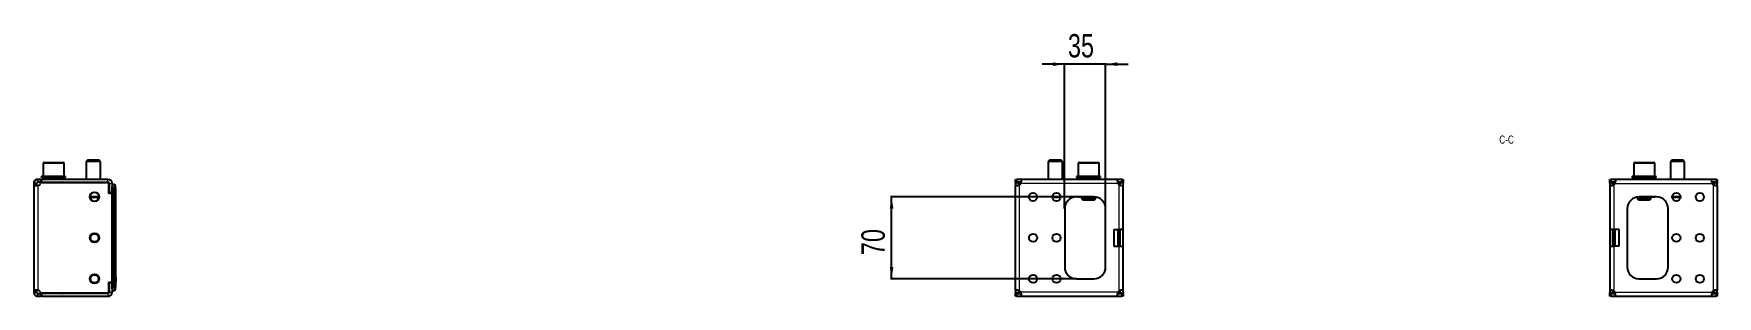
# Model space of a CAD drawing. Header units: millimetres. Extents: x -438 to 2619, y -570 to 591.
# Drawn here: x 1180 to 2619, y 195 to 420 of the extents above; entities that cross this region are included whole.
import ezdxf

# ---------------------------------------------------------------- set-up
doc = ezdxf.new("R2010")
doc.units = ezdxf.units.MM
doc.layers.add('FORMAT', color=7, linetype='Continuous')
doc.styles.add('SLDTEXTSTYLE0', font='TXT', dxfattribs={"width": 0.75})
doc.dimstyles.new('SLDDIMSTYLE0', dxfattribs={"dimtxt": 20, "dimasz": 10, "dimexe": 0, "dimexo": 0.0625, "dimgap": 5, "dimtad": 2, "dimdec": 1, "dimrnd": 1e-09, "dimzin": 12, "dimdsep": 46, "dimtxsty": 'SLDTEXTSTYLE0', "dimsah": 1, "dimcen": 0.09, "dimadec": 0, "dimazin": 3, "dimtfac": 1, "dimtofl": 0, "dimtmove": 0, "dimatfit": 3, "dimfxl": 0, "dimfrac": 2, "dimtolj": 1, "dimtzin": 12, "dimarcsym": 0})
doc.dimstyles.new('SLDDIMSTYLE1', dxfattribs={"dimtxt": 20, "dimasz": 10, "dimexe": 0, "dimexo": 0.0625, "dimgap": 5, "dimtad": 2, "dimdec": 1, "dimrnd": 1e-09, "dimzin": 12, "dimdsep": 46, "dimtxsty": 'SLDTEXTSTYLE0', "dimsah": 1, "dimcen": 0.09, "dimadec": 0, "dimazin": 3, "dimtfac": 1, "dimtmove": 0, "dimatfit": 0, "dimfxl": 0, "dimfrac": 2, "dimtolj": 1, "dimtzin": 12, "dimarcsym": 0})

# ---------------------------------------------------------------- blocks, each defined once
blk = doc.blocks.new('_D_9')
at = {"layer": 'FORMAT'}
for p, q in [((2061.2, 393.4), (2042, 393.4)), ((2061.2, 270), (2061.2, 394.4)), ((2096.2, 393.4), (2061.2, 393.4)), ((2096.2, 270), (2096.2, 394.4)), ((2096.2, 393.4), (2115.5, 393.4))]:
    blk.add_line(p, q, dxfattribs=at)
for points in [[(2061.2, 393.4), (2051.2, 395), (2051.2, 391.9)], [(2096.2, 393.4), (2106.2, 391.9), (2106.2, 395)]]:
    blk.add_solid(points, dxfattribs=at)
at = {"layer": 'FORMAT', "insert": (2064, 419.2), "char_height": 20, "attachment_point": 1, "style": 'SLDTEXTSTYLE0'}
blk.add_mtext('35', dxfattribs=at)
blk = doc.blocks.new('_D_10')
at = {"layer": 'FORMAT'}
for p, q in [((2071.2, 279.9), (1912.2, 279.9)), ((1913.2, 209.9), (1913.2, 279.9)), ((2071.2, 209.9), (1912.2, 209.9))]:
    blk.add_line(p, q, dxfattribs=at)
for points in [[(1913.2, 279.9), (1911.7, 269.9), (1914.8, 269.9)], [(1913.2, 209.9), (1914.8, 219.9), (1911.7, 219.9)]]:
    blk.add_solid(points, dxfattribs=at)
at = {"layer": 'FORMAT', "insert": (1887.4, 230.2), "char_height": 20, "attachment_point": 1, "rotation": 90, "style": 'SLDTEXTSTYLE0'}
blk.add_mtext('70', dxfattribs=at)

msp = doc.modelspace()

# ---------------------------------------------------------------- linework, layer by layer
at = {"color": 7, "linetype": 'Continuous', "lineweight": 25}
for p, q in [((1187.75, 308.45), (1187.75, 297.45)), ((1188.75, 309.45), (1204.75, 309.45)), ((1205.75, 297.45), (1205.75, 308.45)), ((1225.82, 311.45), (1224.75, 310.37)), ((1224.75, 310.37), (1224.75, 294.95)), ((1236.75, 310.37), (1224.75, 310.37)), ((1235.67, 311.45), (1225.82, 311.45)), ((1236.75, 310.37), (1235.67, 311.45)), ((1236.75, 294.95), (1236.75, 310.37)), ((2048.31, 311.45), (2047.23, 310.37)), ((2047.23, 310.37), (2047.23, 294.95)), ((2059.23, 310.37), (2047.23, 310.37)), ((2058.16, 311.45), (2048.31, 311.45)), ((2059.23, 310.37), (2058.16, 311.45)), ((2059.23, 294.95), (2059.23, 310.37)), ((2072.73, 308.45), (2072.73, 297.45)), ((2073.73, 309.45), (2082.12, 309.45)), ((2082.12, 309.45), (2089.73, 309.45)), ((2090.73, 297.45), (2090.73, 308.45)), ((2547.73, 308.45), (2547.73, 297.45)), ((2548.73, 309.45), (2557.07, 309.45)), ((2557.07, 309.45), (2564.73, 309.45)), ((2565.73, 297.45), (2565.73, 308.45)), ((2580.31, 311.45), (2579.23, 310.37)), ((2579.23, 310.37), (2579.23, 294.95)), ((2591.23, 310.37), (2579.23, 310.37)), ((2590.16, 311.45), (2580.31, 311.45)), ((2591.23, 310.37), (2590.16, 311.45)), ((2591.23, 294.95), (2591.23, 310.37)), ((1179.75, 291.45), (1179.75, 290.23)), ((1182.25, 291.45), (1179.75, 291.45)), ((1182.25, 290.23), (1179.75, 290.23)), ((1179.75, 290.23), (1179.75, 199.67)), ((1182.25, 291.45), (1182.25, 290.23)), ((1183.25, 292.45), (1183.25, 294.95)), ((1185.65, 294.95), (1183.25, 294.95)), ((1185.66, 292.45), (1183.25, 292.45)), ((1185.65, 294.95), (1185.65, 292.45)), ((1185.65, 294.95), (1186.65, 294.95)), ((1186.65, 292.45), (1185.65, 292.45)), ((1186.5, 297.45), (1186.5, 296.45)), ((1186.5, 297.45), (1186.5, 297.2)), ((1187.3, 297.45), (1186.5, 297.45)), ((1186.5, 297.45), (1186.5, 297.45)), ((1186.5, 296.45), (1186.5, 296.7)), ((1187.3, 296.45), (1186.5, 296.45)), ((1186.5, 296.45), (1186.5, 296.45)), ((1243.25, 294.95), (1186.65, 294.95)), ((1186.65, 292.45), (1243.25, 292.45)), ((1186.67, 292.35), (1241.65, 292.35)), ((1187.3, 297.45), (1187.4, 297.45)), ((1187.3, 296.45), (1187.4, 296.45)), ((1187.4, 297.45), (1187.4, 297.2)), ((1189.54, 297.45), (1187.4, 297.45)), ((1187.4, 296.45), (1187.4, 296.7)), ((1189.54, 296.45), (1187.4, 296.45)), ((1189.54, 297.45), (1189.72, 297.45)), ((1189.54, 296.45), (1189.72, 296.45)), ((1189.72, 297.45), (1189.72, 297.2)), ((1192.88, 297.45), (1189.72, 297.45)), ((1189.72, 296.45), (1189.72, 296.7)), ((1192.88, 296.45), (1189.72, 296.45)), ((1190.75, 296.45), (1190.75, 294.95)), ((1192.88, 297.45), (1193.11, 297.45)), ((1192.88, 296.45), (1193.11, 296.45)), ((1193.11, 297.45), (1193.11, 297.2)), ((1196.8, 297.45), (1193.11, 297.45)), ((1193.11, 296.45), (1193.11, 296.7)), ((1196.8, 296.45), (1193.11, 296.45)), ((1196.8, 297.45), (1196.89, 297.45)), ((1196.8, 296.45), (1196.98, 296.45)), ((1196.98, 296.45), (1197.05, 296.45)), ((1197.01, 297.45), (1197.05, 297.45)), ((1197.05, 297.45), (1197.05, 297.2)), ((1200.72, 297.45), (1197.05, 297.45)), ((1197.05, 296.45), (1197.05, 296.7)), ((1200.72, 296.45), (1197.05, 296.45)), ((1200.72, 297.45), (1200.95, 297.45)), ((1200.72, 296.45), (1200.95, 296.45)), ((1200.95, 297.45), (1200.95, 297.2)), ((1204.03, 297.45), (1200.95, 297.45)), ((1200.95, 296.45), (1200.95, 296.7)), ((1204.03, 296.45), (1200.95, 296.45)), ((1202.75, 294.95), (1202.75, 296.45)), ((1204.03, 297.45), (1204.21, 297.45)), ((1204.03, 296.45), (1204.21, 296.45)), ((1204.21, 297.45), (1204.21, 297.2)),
- - -
## The problem
Print the data above verbatim from the first line through the line holding "doc.layers.add('FORMAT', color=7, linetype='Continuous')", leaving every picture out.

## Solution for this problem
# Model space of a CAD drawing. Header units: millimetres. Extents: x -438 to 2619, y -570 to 591.
# Drawn here: x 1180 to 2619, y 195 to 420 of the extents above; entities that cross this region are included whole.
import ezdxf

# ---------------------------------------------------------------- set-up
doc = ezdxf.new("R2010")
doc.units = ezdxf.units.MM
doc.layers.add('FORMAT', color=7, linetype='Continuous')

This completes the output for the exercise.